# WIA/WMA Pheasant hunting



## Packfish (Oct 30, 2007)

I would like to hear your PROS and the Cons of the planted birds this year. I certainly have a few of both that I watched this year.


----------



## Fowlmouth (Oct 4, 2008)

The PROS for me is this is a great program IMO. As I have said before it creates opportunity that would otherwise not exist for most Utah Pheasant hunters. Depending on the day, the birds for the most part were not all that difficult to find and flush, but they all flew strong and I saw a lot of misses and hits. In my area the birds were being released at night, so they weren't all getting pounded right out of the boxes. 

Guys piss and moan about Utah not having Pheasants to hunt and then when the opportunity presents itself some of them still freaking whine about it. Utah isn't popularly known for Pheasants. If you want to shoot wild birds go to the Midwest. If you don't want to participate in the release program then stay home and let others do it. These same guys that bitch about it are probably the one's that drive to the clubs and pay $25 a bird. 

The Cons were a lot of dip$hit people that shouldn't be hunting PERIOD, or carrying a weapon. Guys climbing over fences with loaded guns, guys racing to beat everyone to certain spots, guys cutting off other hunters in the field, basically just a bunch of disrespectful yahoos looking out for themselves. Most of the dogs behaved better than some of their owners from what I saw. 

Some days it was crowded, and that was okay because it was proof that people were taking advantage of the program. I think it was very successful


----------



## Packfish (Oct 30, 2007)

- the PRO's seem to be where I am at- giving the youth an opportunity- which we need.

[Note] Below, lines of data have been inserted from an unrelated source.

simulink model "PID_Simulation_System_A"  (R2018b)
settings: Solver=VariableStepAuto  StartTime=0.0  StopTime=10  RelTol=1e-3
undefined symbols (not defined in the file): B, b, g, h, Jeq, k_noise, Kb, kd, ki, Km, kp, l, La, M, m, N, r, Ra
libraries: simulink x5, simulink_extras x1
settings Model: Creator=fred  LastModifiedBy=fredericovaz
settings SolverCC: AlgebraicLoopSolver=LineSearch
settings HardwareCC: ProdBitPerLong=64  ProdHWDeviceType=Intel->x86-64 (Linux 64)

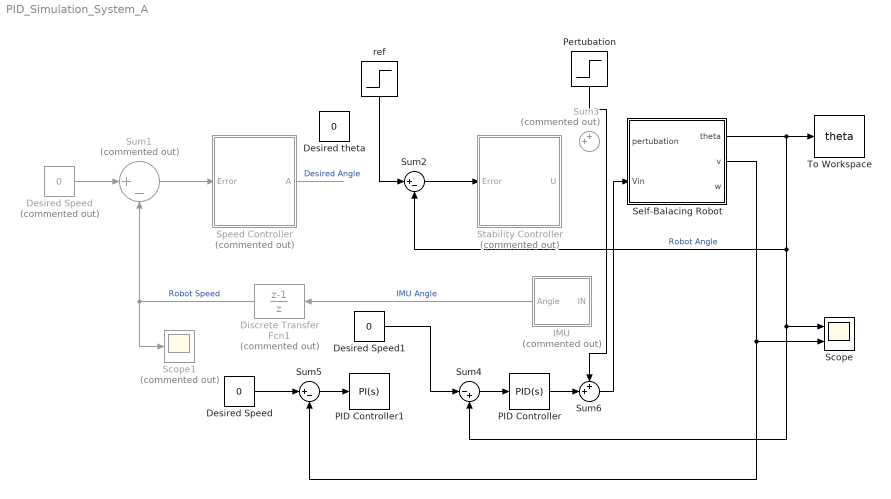
== system PID_Simulation_System_A ==
  Desired Speed : Constant  Value=0
  "Desired Speed " : Constant  Commented=on  Value=0
  Desired Speed1 : Constant  Value=0
  "Desired theta " : Constant  Value=0
  Discrete Transfer Fcn1 : DiscreteTransferFcn  Commented=on  Numerator=[1 -1]  Denominator=[1 0]  SampleTime=h
  IMU : Subsystem  Commented=on
  PID Controller : simulink/Continuous/PID Controller  Controller=PID  Form=Parallel  TimeDomain=Continuous-time  SampleTime=-1  IntegratorMethod=Forward Euler  FilterMethod=Forward Euler  ControllerParametersSource=internal  P=3218.54164072839  I=409.836899495035  D=13019.6852840674  UseFilter=on  N=3228.39836467521  TunerSelectOption=Transfer Function Based (PID Tuner App)  InitialConditionSource=internal  InitialConditionForIntegrator=0  InitialConditionForFilter=0  DifferentiatorICPrevScaledInput=0  ExternalReset=none  TrackingMode=off  Kt=1  LimitOutput=off  UpperSaturationLimit=inf  LowerSaturationLimit=-inf  LinearizeAsGain=on  AntiWindupMode=none  Kb=1  POutMin=[]  POutMax=[]  IOutMin=[]  IOutMax=[]  DOutMin=[]  DOutMax=[]  NOutMin=[]  NOutMax=[]  SumOutMin=[]  SumOutMax=[]  SaturationOutMin=[]  SaturationOutMax=[]  PParamMin=[]  PParamMax=[]  IParamMin=[]  IParamMax=[]  DParamMin=[]  DParamMax=[]  NParamMin=[]  NParamMax=[]  KbParamMin=[]  KbParamMax=[]  KtParamMin=[]  KtParamMax=[]  KbOutMin=[]  KbOutMax=[]  KtOutMin=[]  KtOutMax=[]  IntegratorOutMin=[]  IntegratorOutMax=[]  FilterOutMin=[]  FilterOutMax=[]  SumI1OutMin=[]  SumI1OutMax=[]  SumI2OutMin=[]  SumI2OutMax=[]  SumI3OutMin=[]  SumI3OutMax=[]  SumI4OutMin=[]  SumI4OutMax=[]  SumDOutMin=[]  SumDOutMax=[]  DifferentiatorOutMin=[]  DifferentiatorOutMax=[]  FilterDiffOutCoefMin=[]  FilterDiffOutCoefMax=[]  ReciprocalOutMin=[]  ReciprocalOutMax=[]  SumDenOutMin=[]  SumDenOutMax=[]  SumNumOutMin=[]  SumNumOutMax=[]  DivideOutMin=[]  DivideOutMax=[]  IntegratorContinuousStateAttributes=''  IntegratorStateMustResolveToSignalObject=off  IntegratorRTWStateStorageClass=Auto  FilterContinuousStateAttributes=''  FilterStateMustResolveToSignalObject=off  FilterRTWStateStorageClass=Auto  ParallelPVariant=InternalParameters  IdealPVariant=Disabled  IVariant=InternalParameters  DVariant=InternalParameters  IntegratorVariant=Continuous  SatVariant=Disabled  AWVariant=Passthrough  PCopyVariant=Disabled  TRVariant=Disabled  FdbkBlocksVariant=Forward  IdealPFdbkVariant=Disabled  SatFdbkVariant=Disabled  DerivativeFilterVariant=ContFilter  NVariant=InternalParameters  NCopyVariant=Disabled  FilterICVariant=InternalICsFilter  IntegratorICVariant=InternalICs  ExternalResetVariant=Disabled  TRSumVariant=Passthrough  SumFdbkVariant=Disabled  SumVariant=Sum_PID
  PID Controller1 : simulink/Continuous/PID Controller  Controller=PI  Form=Parallel  TimeDomain=Continuous-time  SampleTime=-1  IntegratorMethod=Forward Euler  FilterMethod=Forward Euler  ControllerParametersSource=internal  P=0.000483355764133952  I=1.52555105477767e-06  D=829.68075928854  UseFilter=on  N=20  TunerSelectOption=Transfer Function Based (PID Tuner App)  InitialConditionSource=internal  InitialConditionForIntegrator=0  InitialConditionForFilter=0  DifferentiatorICPrevScaledInput=0  ExternalReset=none  TrackingMode=off  Kt=1  LimitOutput=off  UpperSaturationLimit=inf  LowerSaturationLimit=-inf  LinearizeAsGain=on  AntiWindupMode=none  Kb=1  POutMin=[]  POutMax=[]  IOutMin=[]  IOutMax=[]  DOutMin=[]  DOutMax=[]  NOutMin=[]  NOutMax=[]  SumOutMin=[]  SumOutMax=[]  SaturationOutMin=[]  SaturationOutMax=[]  PParamMin=[]  PParamMax=[]  IParamMin=[]  IParamMax=[]  DParamMin=[]  DParamMax=[]  NParamMin=[]  NParamMax=[]  KbParamMin=[]  KbParamMax=[]  KtParamMin=[]  KtParamMax=[]  KbOutMin=[]  KbOutMax=[]  KtOutMin=[]  KtOutMax=[]  IntegratorOutMin=[]  IntegratorOutMax=[]  FilterOutMin=[]  FilterOutMax=[]  SumI1OutMin=[]  SumI1OutMax=[]  SumI2OutMin=[]  SumI2OutMax=[]  SumI3OutMin=[]  SumI3OutMax=[]  SumI4OutMin=[]  SumI4OutMax=[]  SumDOutMin=[]  SumDOutMax=[]  DifferentiatorOutMin=[]  DifferentiatorOutMax=[]  FilterDiffOutCoefMin=[]  FilterDiffOutCoefMax=[]  ReciprocalOutMin=[]  ReciprocalOutMax=[]  SumDenOutMin=[]  SumDenOutMax=[]  SumNumOutMin=[]  SumNumOutMax=[]  DivideOutMin=[]  DivideOutMax=[]  IntegratorContinuousStateAttributes=''  IntegratorStateMustResolveToSignalObject=off  IntegratorRTWStateStorageClass=Auto  FilterContinuousStateAttributes=''  FilterStateMustResolveToSignalObject=off  FilterRTWStateStorageClass=Auto  ParallelPVariant=InternalParameters  IdealPVariant=Disabled  IVariant=InternalParameters  DVariant=Disabled  IntegratorVariant=Continuous  SatVariant=Disabled  AWVariant=Passthrough  PCopyVariant=Disabled  TRVariant=Disabled  FdbkBlocksVariant=Forward  IdealPFdbkVariant=Disabled  SatFdbkVariant=Disabled  DerivativeFilterVariant=Disabled  NVariant=Disabled  NCopyVariant=Disabled_SignalSpec  FilterICVariant=Disabled  IntegratorICVariant=InternalICs  ExternalResetVariant=Disabled  TRSumVariant=Passthrough  SumFdbkVariant=Disabled  SumVariant=Sum_PI
  Pertubation : Step  Time=2  After=15
  Scope : Scope  NumInputPorts=2
  Scope1 : Scope  Commented=on
  Self-Balacing Robot : Subsystem
  Speed Controller : Subsystem  Commented=on
  Stability Controller : Subsystem  Commented=on
  Sum1 : Sum  Commented=on  Inputs=|+-
  Sum2 : Sum  Inputs=|+-
  Sum3 : Sum  Commented=on  Inputs=++|
  Sum4 : Sum  Inputs=|-+
  Sum5 : Sum  Inputs=|+-
  Sum6 : Sum  Inputs=++|
  To Workspace : ToWorkspace  VariableName=theta  SaveFormat=Timeseries  SampleTime=-1
      settings: Save2DSignal=2-D array (concatenate along first dimension)
  ref : Step  Time=2  After=0.25  SampleTime=h
  wires:
  IMU/1(Angle) -> Discrete Transfer Fcn1/1  "IMU Angle"
  Self-Balacing Robot/1(theta) -> To Workspace/1, Sum2/2, Scope/1, Sum4/2  "Robot Angle"
  Speed Controller/1(A) -> ?  "Desired Angle"
  Sum1/1 -> Speed Controller/1(Error)
  "Desired Speed "/1 -> Sum1/1
  Discrete Transfer Fcn1/1 -> Scope1/1, Sum1/2  "Robot Speed"
  Sum2/1 -> Stability Controller/1(Error)
  ref/1 -> Sum2/1
  Sum4/1 -> PID Controller/1
  Sum5/1 -> PID Controller1/1
  Self-Balacing Robot/2(v) -> Scope/2, Sum5/2
  PID Controller/1 -> Sum6/2
  Sum6/1 -> Self-Balacing Robot/2(Vin)
  Pertubation/1 -> Sum6/1
  Desired Speed/1 -> Sum5/1
  Desired Speed1/1 -> Sum4/1

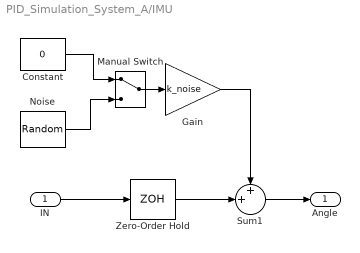
== system PID_Simulation_System_A/IMU ==
  IN : Inport
  Constant : Constant  Value=0
  Gain : Gain  Gain=k_noise
  Manual Switch : ManualSwitch
  Noise : UniformRandomNumber  Minimum=-0.1  Maximum=0.1  SampleTime=h
  Sum1 : Sum  Inputs=++|
  Zero-Order Hold : ZeroOrderHold  SampleTime=h
  Angle : Outport
  wires:
  IN/1 -> Zero-Order Hold/1
  Constant/1 -> Manual Switch/1
  Noise/1 -> Manual Switch/2
  Manual Switch/1 -> Gain/1
  Gain/1 -> Sum1/1
  Zero-Order Hold/1 -> Sum1/2
  Sum1/1 -> Angle/1

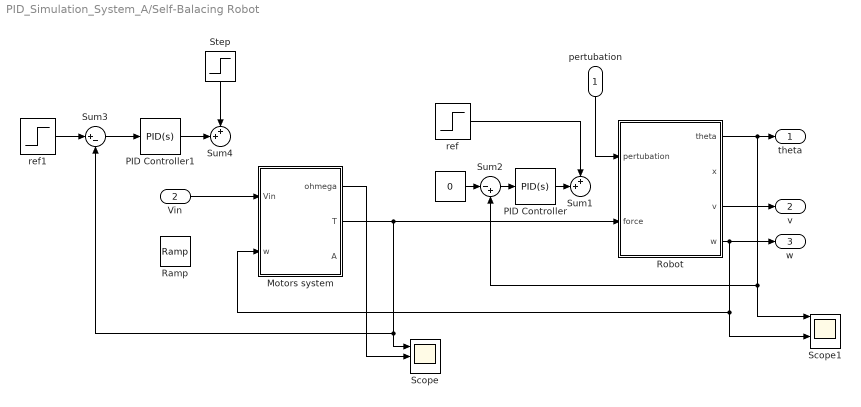
== system PID_Simulation_System_A/Self-Balacing Robot ==
  pertubation : Inport
  Vin : Inport  Port=2
  " " : Constant  Value=0
  Motors system : Subsystem
  PID Controller : simulink/Continuous/PID Controller  Controller=PID  Form=Parallel  TimeDomain=Continuous-time  SampleTime=-1  IntegratorMethod=Forward Euler  FilterMethod=Forward Euler  ControllerParametersSource=internal  P=6572.38369505498  I=1124.56192224529  D=829.68075928854  UseFilter=on  N=20  TunerSelectOption=Transfer Function Based (PID Tuner App)  InitialConditionSource=internal  InitialConditionForIntegrator=0  InitialConditionForFilter=0  DifferentiatorICPrevScaledInput=0  ExternalReset=none  TrackingMode=off  Kt=1  LimitOutput=off  UpperSaturationLimit=inf  LowerSaturationLimit=-inf  LinearizeAsGain=on  AntiWindupMode=none  Kb=1  POutMin=[]  POutMax=[]  IOutMin=[]  IOutMax=[]  DOutMin=[]  DOutMax=[]  NOutMin=[]  NOutMax=[]  SumOutMin=[]  SumOutMax=[]  SaturationOutMin=[]  SaturationOutMax=[]  PParamMin=[]  PParamMax=[]  IParamMin=[]  IParamMax=[]  DParamMin=[]  DParamMax=[]  NParamMin=[]  NParamMax=[]  KbParamMin=[]  KbParamMax=[]  KtParamMin=[]  KtParamMax=[]  KbOutMin=[]  KbOutMax=[]  KtOutMin=[]  KtOutMax=[]  IntegratorOutMin=[]  IntegratorOutMax=[]  FilterOutMin=[]  FilterOutMax=[]  SumI1OutMin=[]  SumI1OutMax=[]  SumI2OutMin=[]  SumI2OutMax=[]  SumI3OutMin=[]  SumI3OutMax=[]  SumI4OutMin=[]  SumI4OutMax=[]  SumDOutMin=[]  SumDOutMax=[]  DifferentiatorOutMin=[]  DifferentiatorOutMax=[]  FilterDiffOutCoefMin=[]  FilterDiffOutCoefMax=[]  ReciprocalOutMin=[]  ReciprocalOutMax=[]  SumDenOutMin=[]  SumDenOutMax=[]  SumNumOutMin=[]  SumNumOutMax=[]  DivideOutMin=[]  DivideOutMax=[]  IntegratorContinuousStateAttributes=''  IntegratorStateMustResolveToSignalObject=off  IntegratorRTWStateStorageClass=Auto  FilterContinuousStateAttributes=''  FilterStateMustResolveToSignalObject=off  FilterRTWStateStorageClass=Auto  ParallelPVariant=InternalParameters  IdealPVariant=Disabled  IVariant=InternalParameters  DVariant=InternalParameters  IntegratorVariant=Continuous  SatVariant=Disabled  AWVariant=Passthrough  PCopyVariant=Disabled  TRVariant=Disabled  FdbkBlocksVariant=Forward  IdealPFdbkVariant=Disabled  SatFdbkVariant=Disabled  DerivativeFilterVariant=ContFilter  NVariant=InternalParameters  NCopyVariant=Disabled  FilterICVariant=InternalICsFilter  IntegratorICVariant=InternalICs  ExternalResetVariant=Disabled  TRSumVariant=Passthrough  SumFdbkVariant=Disabled  SumVariant=Sum_PID
  PID Controller1 : simulink/Continuous/PID Controller  Controller=PID  Form=Parallel  TimeDomain=Continuous-time  SampleTime=-1  IntegratorMethod=Forward Euler  FilterMethod=Forward Euler  ControllerParametersSource=internal  P=6.37249058786852  I=20.4430705513798  D=0.210868925442999  UseFilter=on  N=10.486281731924  TunerSelectOption=Transfer Function Based (PID Tuner App)  InitialConditionSource=internal  InitialConditionForIntegrator=0  InitialConditionForFilter=0  DifferentiatorICPrevScaledInput=0  ExternalReset=none  TrackingMode=off  Kt=1  LimitOutput=off  UpperSaturationLimit=inf  LowerSaturationLimit=-inf  LinearizeAsGain=on  AntiWindupMode=none  Kb=1  POutMin=[]  POutMax=[]  IOutMin=[]  IOutMax=[]  DOutMin=[]  DOutMax=[]  NOutMin=[]  NOutMax=[]  SumOutMin=[]  SumOutMax=[]  SaturationOutMin=[]  SaturationOutMax=[]  PParamMin=[]  PParamMax=[]  IParamMin=[]  IParamMax=[]  DParamMin=[]  DParamMax=[]  NParamMin=[]  NParamMax=[]  KbParamMin=[]  KbParamMax=[]  KtParamMin=[]  KtParamMax=[]  KbOutMin=[]  KbOutMax=[]  KtOutMin=[]  KtOutMax=[]  IntegratorOutMin=[]  IntegratorOutMax=[]  FilterOutMin=[]  FilterOutMax=[]  SumI1OutMin=[]  SumI1OutMax=[]  SumI2OutMin=[]  SumI2OutMax=[]  SumI3OutMin=[]  SumI3OutMax=[]  SumI4OutMin=[]  SumI4OutMax=[]  SumDOutMin=[]  SumDOutMax=[]  DifferentiatorOutMin=[]  DifferentiatorOutMax=[]  FilterDiffOutCoefMin=[]  FilterDiffOutCoefMax=[]  ReciprocalOutMin=[]  ReciprocalOutMax=[]  SumDenOutMin=[]  SumDenOutMax=[]  SumNumOutMin=[]  SumNumOutMax=[]  DivideOutMin=[]  DivideOutMax=[]  IntegratorContinuousStateAttributes=''  IntegratorStateMustResolveToSignalObject=off  IntegratorRTWStateStorageClass=Auto  FilterContinuousStateAttributes=''  FilterStateMustResolveToSignalObject=off  FilterRTWStateStorageClass=Auto  ParallelPVariant=InternalParameters  IdealPVariant=Disabled  IVariant=InternalParameters  DVariant=InternalParameters  IntegratorVariant=Continuous  SatVariant=Disabled  AWVariant=Passthrough  PCopyVariant=Disabled  TRVariant=Disabled  FdbkBlocksVariant=Forward  IdealPFdbkVariant=Disabled  SatFdbkVariant=Disabled  DerivativeFilterVariant=ContFilter  NVariant=InternalParameters  NCopyVariant=Disabled  FilterICVariant=InternalICsFilter  IntegratorICVariant=InternalICs  ExternalResetVariant=Disabled  TRSumVariant=Passthrough  SumFdbkVariant=Disabled  SumVariant=Sum_PID
  Ramp : simulink/Sources/Ramp  slope=1  start=2  InitialOutput=0
  Robot : Subsystem
  Scope : Scope  NumInputPorts=3
  Scope1 : Scope  NumInputPorts=4
  Step : Step  After=12  SampleTime=0
  Sum1 : Sum  Inputs=++|
  Sum2 : Sum  Inputs=|-+
  Sum3 : Sum  Inputs=|+-
  Sum4 : Sum  Inputs=++|
  ref : Step  Time=2  After=15
  ref1 : Step  Time=2  After=0.25  SampleTime=h
  theta : Outport
  v : Outport  Port=2
  w : Outport  Port=3
  wires:
  Robot/1(theta) -> Scope1/1, Sum2/2, theta/1
  Robot/3(v) -> v/1
  Robot/4(w) -> w/1, Scope1/3, Motors system/2(w)
  Motors system/2(T) -> Sum3/2, Scope/1, Robot/2(force)
  Motors system/1(ohmega) -> Scope/2
  Sum2/1 -> PID Controller/1
  " "/1 -> Sum2/1
  PID Controller/1 -> Sum1/2
  ref/1 -> Sum1/1
  PID Controller1/1 -> Sum4/2
  pertubation/1 -> Robot/1(pertubation)
  Sum3/1 -> PID Controller1/1
  ref1/1 -> Sum3/1
  Step/1 -> Sum4/1
  Vin/1 -> Motors system/1(Vin)

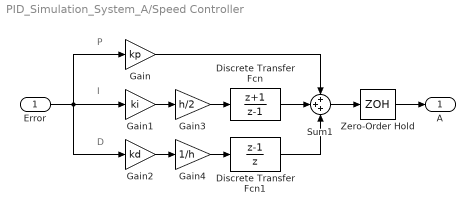
== system PID_Simulation_System_A/Speed Controller ==
  note: I
  note: D
  note: P
  Error : Inport
  Discrete Transfer Fcn : DiscreteTransferFcn  Numerator=[1 +1]  Denominator=[1 -1]  SampleTime=h
  Discrete Transfer Fcn1 : DiscreteTransferFcn  Numerator=[1 -1]  Denominator=[1 0]  SampleTime=h
  Gain : Gain  Gain=kp
  Gain1 : Gain  Gain=ki
  Gain2 : Gain  Gain=kd
  Gain3 : Gain  Gain=h/2
  Gain4 : Gain  Gain=1/h
  Sum1 : Sum  Inputs=+++
  Zero-Order Hold : ZeroOrderHold  SampleTime=h
  A : Outport
  wires:
  Gain1/1 -> Gain3/1
  Error/1 -> Gain1/1, Gain2/1, Gain/1
  Zero-Order Hold/1 -> A/1
  Sum1/1 -> Zero-Order Hold/1
  Gain2/1 -> Gain4/1
  Gain/1 -> Sum1/1
  Gain3/1 -> Discrete Transfer Fcn/1
  Discrete Transfer Fcn/1 -> Sum1/2
  Gain4/1 -> Discrete Transfer Fcn1/1
  Discrete Transfer Fcn1/1 -> Sum1/3

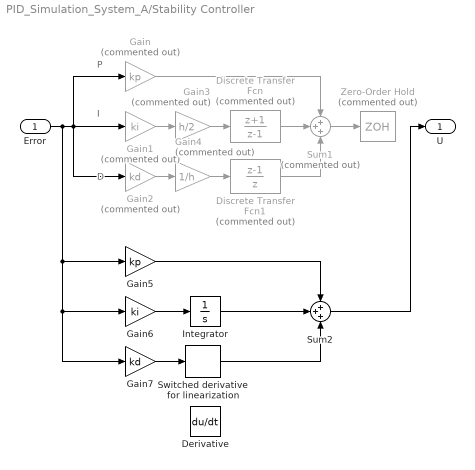
== system PID_Simulation_System_A/Stability Controller ==
  note: I
  note: D
  note: P
  Error : Inport
  Derivative : Derivative
  Discrete Transfer Fcn : DiscreteTransferFcn  Commented=on  Numerator=[1 +1]  Denominator=[1 -1]  SampleTime=h
  Discrete Transfer Fcn1 : DiscreteTransferFcn  Commented=on  Numerator=[1 -1]  Denominator=[1 0]  SampleTime=h
  Gain : Gain  Commented=on  Gain=kp
  Gain1 : Gain  Commented=on  Gain=ki
  Gain2 : Gain  Commented=on  Gain=kd
  Gain3 : Gain  Commented=on  Gain=h/2
  Gain4 : Gain  Commented=on  Gain=1/h
  Gain5 : Gain  Gain=kp
  Gain6 : Gain  Gain=ki
  Gain7 : Gain  Gain=kd
  Integrator : Integrator
  Sum1 : Sum  Commented=on  Inputs=+++
  Sum2 : Sum  Inputs=+++
  Switched derivative for linearization : simulink_extras/Linearization/Switched derivative for linearization  switchVal=0  derivConst=100
      settings: SourceProductName=Simulink  SourceProductBaseCode=SL
  Zero-Order Hold : ZeroOrderHold  Commented=on  SampleTime=h
  U : Outport
  wires:
  Gain1/1 -> Gain3/1
  Error/1 -> Gain5/1, Gain6/1, Gain7/1, Gain1/1, Gain2/1, Gain/1
  Sum1/1 -> Zero-Order Hold/1
  Gain2/1 -> Gain4/1
  Gain/1 -> Sum1/1
  Gain3/1 -> Discrete Transfer Fcn/1
  Discrete Transfer Fcn/1 -> Sum1/2
  Gain4/1 -> Discrete Transfer Fcn1/1
  Discrete Transfer Fcn1/1 -> Sum1/3
  Sum2/1 -> U/1
  Gain7/1 -> Switched derivative for linearization/1
  Gain6/1 -> Integrator/1
  Integrator/1 -> Sum2/2
  Switched derivative for linearization/1 -> Sum2/3
  Gain5/1 -> Sum2/1

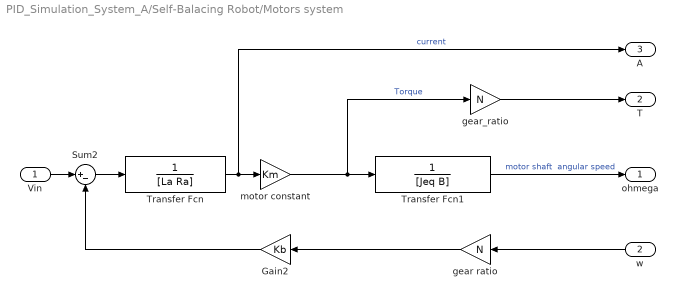
== system PID_Simulation_System_A/Self-Balacing Robot/Motors system ==
  Vin : Inport
  w : Inport  Port=2
  Gain2 : Gain  Gain=Kb
  Sum2 : Sum  Inputs=|+-
  Transfer Fcn : TransferFcn  Denominator=[La Ra]
  Transfer Fcn1 : TransferFcn  Denominator=[Jeq B]
  gear ratio : Gain  Gain=N
  gear_ratio : Gain  Gain=N
  motor constant : Gain  Gain=Km
  ohmega : Outport
  T : Outport  Port=2
  A : Outport  Port=3
  wires:
  gear ratio/1 -> Gain2/1
  motor constant/1 -> gear_ratio/1, Transfer Fcn1/1  "Torque"
  Transfer Fcn/1 -> A/1, motor constant/1  "current"
  gear_ratio/1 -> T/1
  Gain2/1 -> Sum2/2
  w/1 -> gear ratio/1
  Vin/1 -> Sum2/1
  Sum2/1 -> Transfer Fcn/1
  Transfer Fcn1/1 -> ohmega/1  "motor shaft  angular speed"

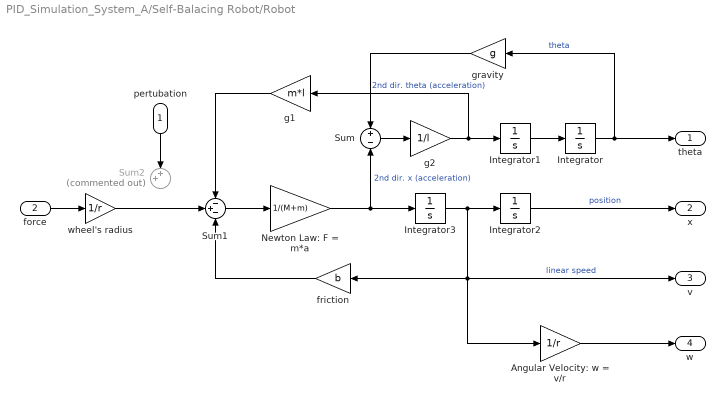
== system PID_Simulation_System_A/Self-Balacing Robot/Robot ==
  pertubation : Inport
  force : Inport  Port=2
  Angular Velocity: w = v/r : Gain  Gain=1/r
  Integrator{,1..3} (4 alike) : Integrator
  Newton Law: F = m*a : Gain  Gain=1/(M+m)
  Sum : Sum  Inputs=+-
  Sum1 : Sum  Inputs=-+-
  Sum2 : Sum  Commented=on  Inputs=++|
  friction : Gain  Gain=b
  g1 : Gain  Gain=m*l
  g2 : Gain  Gain=1/l
  gravity : Gain  Gain=g
  wheel's radius : Gain  Gain=1/r
  theta : Outport
  x : Outport  Port=2
  v : Outport  Port=3
  w : Outport  Port=4
  wires:
  Sum/1 -> g2/1
  Integrator1/1 -> Integrator/1
  Integrator2/1 -> x/1  "position"
  Sum1/1 -> Newton Law: F = m*a/1
  Newton Law: F = m*a/1 -> Sum/2, Integrator3/1  "2nd dir. x (acceleration)"
  friction/1 -> Sum1/3
  pertubation/1 -> Sum2/1
  Integrator3/1 -> v/1, Angular Velocity: w = v/r/1, friction/1, Integrator2/1  "linear speed"
  g2/1 -> g1/1, Integrator1/1  "2nd dir. theta (acceleration)"
  g1/1 -> Sum1/1
  Integrator/1 -> gravity/1, theta/1  "theta"
  Angular Velocity: w = v/r/1 -> w/1
  force/1 -> wheel's radius/1
  wheel's radius/1 -> Sum1/2
  gravity/1 -> Sum/1

The Cons are a bit longer.
1. Certainly people who should not be carrying a gun
2. Gates left open 
3. Driving vehicles across the property.
4. Trash left.

I have one of them near me- It is a good area to run my dogs after the season is over and the rest of the year. I pick up a lot of trash. A few years ago only a few hunted it- few knew where it was at. I could hunt it hard and go thru every cattail and usually get one wild bird up- sometimes thigh deep in mud but none the less get a bird and the dogs had to work. For totally selfish reasons I did not like seeing how it changed this year. Probably 400 dogs went thru that this year- some chasing the cows- sure pissed some of them off. Every stump was leaked on- people shooting over other peoples heads- I saw 1 guy with his kids( which I thought was great) but they were 10 yards from the highway and shooting. I took the dogs down to run last weekend- there isn't any wildlife left what so ever except some welfare hawks looking for a free meal.
Like I said for selfish reasons it bothered me the most and when I have more than an hour now I head elsewhere and that's where most of my birds come from anyway.

I do hope the program goes on- I personally won't hunt it but I hope some understand how they abused the sport of hunting and correct it so that land owner keeps his land open so younger hunters can benefit ( if the teacher is a good role model to copy ) and I can run my dogs in the summer.


----------



## Fowlmouth (Oct 4, 2008)

Oh dang! I forgot to mention all the trash that was left behind. Yes that is a bad thing for sure, and I noticed the same thing in the parking areas mostly.


----------



## goonsquad (Sep 15, 2010)

I was surprised by the lack of trash left behind at the WMA I hunted. I hit the same one each week, mid week and was happy that the guys who were out there were not jerks and for the most part seemed pretty safe. I hunted mid week so perhaps the people out there were different than the weekend guys. 
I love this program, it helped me get my dog up to speed and kept me from having to go to a pheasant farm or see about other types of bird planting.


----------



## robiland (Jan 20, 2008)

It was a great year. MY oldest, 10, was able to get a few. He actually did better than I did on a few trips. We went 4 times and brought home 3 birds. 1 time on the youth and he missed a giant wild bird. Big long tail feathers. We went 3 times after the opener and saw 0 the first 2 trips, but the last one was great. We got 3. Lots of fun.

Cons, garbage!!! Also, wish they could limit the amount of times you can go or birds to kill. I know of guys going almost every other day and killing a limit several times. Jus would be nice to let others have a chance. And Im not saying for me. We had great times. Just I think it could be spread out to others some how. But that cant happen.


----------